[Records contained in a dataset]
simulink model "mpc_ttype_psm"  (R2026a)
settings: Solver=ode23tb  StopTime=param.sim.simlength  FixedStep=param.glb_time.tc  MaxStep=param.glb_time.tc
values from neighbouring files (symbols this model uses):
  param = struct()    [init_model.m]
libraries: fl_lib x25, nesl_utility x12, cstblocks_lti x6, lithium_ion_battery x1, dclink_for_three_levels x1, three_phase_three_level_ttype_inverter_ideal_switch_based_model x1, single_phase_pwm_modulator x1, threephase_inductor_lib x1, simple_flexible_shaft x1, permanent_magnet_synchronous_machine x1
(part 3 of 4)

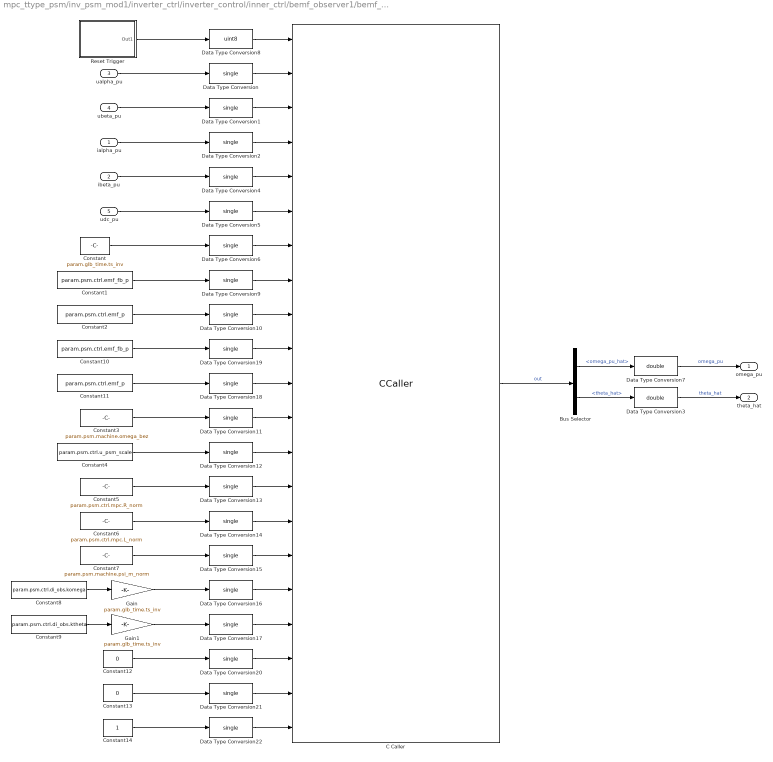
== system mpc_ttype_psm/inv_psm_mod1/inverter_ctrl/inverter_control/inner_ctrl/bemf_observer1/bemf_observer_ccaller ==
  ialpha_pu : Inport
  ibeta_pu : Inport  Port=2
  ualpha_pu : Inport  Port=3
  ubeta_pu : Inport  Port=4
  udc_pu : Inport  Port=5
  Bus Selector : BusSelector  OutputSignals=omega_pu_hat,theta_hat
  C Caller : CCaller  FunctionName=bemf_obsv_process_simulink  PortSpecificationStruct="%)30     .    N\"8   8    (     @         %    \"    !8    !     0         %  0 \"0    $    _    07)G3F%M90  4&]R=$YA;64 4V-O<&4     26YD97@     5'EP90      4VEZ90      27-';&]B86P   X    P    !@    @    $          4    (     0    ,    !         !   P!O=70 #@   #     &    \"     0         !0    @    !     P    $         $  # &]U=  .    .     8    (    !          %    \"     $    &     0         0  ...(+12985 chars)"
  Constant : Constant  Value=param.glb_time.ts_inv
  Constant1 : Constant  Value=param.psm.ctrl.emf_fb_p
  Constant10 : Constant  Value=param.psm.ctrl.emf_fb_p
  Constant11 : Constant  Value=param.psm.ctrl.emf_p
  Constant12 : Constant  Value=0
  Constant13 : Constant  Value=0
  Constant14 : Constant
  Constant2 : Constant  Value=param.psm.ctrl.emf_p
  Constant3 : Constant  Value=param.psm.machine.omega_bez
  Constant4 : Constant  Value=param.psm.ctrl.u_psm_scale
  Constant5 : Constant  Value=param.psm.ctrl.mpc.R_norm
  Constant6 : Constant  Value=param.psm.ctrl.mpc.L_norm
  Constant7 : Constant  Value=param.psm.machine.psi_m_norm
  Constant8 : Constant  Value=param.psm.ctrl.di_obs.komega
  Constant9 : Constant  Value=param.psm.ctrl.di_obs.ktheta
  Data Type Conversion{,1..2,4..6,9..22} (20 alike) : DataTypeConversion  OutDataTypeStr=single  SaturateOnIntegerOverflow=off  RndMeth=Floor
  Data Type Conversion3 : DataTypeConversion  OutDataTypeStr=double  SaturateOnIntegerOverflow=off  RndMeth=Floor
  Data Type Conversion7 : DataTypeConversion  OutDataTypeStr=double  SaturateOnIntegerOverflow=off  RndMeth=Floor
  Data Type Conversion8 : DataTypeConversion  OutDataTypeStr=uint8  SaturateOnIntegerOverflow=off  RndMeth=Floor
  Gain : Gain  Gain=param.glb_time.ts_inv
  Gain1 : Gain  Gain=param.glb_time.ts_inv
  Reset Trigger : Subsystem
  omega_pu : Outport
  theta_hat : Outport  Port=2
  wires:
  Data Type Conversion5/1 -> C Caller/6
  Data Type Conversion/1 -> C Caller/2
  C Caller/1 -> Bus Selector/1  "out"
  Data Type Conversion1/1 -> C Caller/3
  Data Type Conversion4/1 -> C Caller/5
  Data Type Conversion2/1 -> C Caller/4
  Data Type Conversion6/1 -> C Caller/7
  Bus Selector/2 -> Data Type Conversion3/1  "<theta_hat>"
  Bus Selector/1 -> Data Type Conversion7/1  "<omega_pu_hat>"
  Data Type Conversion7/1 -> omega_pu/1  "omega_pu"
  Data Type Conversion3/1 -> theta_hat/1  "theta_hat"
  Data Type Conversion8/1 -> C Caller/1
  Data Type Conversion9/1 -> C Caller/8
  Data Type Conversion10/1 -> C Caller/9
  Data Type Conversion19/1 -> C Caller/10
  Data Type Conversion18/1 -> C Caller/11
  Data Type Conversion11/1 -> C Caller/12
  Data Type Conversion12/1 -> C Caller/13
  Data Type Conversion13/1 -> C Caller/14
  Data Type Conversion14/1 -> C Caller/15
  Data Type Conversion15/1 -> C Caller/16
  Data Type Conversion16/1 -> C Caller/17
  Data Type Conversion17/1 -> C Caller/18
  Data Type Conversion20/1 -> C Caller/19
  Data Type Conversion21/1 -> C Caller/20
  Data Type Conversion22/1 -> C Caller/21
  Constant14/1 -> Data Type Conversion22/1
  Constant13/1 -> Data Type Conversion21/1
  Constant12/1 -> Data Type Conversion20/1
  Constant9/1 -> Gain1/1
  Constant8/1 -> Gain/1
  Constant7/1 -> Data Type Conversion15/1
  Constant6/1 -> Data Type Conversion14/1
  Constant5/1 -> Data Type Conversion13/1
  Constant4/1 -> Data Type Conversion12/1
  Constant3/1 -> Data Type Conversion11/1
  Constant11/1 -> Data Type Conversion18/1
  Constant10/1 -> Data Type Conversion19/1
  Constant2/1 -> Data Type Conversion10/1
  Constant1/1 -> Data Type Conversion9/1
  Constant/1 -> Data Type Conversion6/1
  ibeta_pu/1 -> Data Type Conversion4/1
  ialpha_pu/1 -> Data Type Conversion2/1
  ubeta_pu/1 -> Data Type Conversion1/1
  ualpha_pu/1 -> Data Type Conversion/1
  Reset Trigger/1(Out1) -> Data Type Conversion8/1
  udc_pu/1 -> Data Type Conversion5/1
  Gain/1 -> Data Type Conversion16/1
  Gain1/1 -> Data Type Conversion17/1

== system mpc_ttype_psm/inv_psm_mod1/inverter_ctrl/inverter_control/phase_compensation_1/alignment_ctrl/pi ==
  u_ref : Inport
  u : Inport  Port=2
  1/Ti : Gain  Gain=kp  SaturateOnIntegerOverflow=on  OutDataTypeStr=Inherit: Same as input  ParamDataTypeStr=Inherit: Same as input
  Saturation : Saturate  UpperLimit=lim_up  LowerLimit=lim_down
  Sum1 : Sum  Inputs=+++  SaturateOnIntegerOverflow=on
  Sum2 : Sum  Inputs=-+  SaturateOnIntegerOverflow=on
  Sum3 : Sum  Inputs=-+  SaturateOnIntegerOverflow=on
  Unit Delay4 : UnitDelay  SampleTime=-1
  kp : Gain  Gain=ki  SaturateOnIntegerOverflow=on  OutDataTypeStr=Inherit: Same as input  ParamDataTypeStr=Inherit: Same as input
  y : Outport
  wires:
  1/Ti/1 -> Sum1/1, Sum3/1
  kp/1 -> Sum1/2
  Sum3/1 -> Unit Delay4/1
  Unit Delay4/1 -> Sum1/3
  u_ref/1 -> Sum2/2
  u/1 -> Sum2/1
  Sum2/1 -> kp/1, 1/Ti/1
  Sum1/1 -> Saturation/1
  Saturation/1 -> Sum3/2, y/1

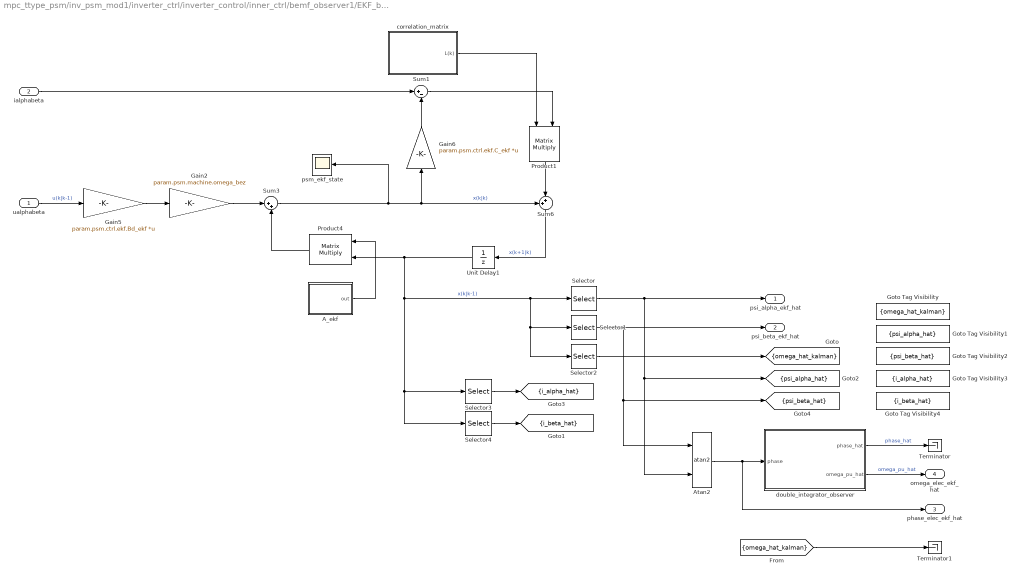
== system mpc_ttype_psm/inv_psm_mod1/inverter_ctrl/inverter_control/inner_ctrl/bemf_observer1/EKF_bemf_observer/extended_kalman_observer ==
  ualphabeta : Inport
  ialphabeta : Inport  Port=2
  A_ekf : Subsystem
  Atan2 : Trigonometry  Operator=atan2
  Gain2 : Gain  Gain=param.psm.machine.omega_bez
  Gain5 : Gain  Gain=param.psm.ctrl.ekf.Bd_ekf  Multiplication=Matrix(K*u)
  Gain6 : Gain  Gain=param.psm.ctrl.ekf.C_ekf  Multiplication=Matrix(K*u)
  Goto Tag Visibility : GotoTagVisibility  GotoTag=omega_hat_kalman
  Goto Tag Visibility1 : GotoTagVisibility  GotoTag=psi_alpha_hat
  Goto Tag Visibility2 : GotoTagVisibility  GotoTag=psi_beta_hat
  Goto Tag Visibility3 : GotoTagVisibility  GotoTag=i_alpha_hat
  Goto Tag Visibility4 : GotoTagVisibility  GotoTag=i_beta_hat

**WHAT YOU HAVE TO DO**
Starting at the line above that contains "Constant10/1 -> Data Type Conversion19/1", repeat each line exactly up to and including the line that contains "Gain1/1 -> Data Type Conversion17/1", and stop there.

**TASK OUTPUT**
  Constant10/1 -> Data Type Conversion19/1
  Constant2/1 -> Data Type Conversion10/1
  Constant1/1 -> Data Type Conversion9/1
  Constant/1 -> Data Type Conversion6/1
  ibeta_pu/1 -> Data Type Conversion4/1
  ialpha_pu/1 -> Data Type Conversion2/1
  ubeta_pu/1 -> Data Type Conversion1/1
  ualpha_pu/1 -> Data Type Conversion/1
  Reset Trigger/1(Out1) -> Data Type Conversion8/1
  udc_pu/1 -> Data Type Conversion5/1
  Gain/1 -> Data Type Conversion16/1
  Gain1/1 -> Data Type Conversion17/1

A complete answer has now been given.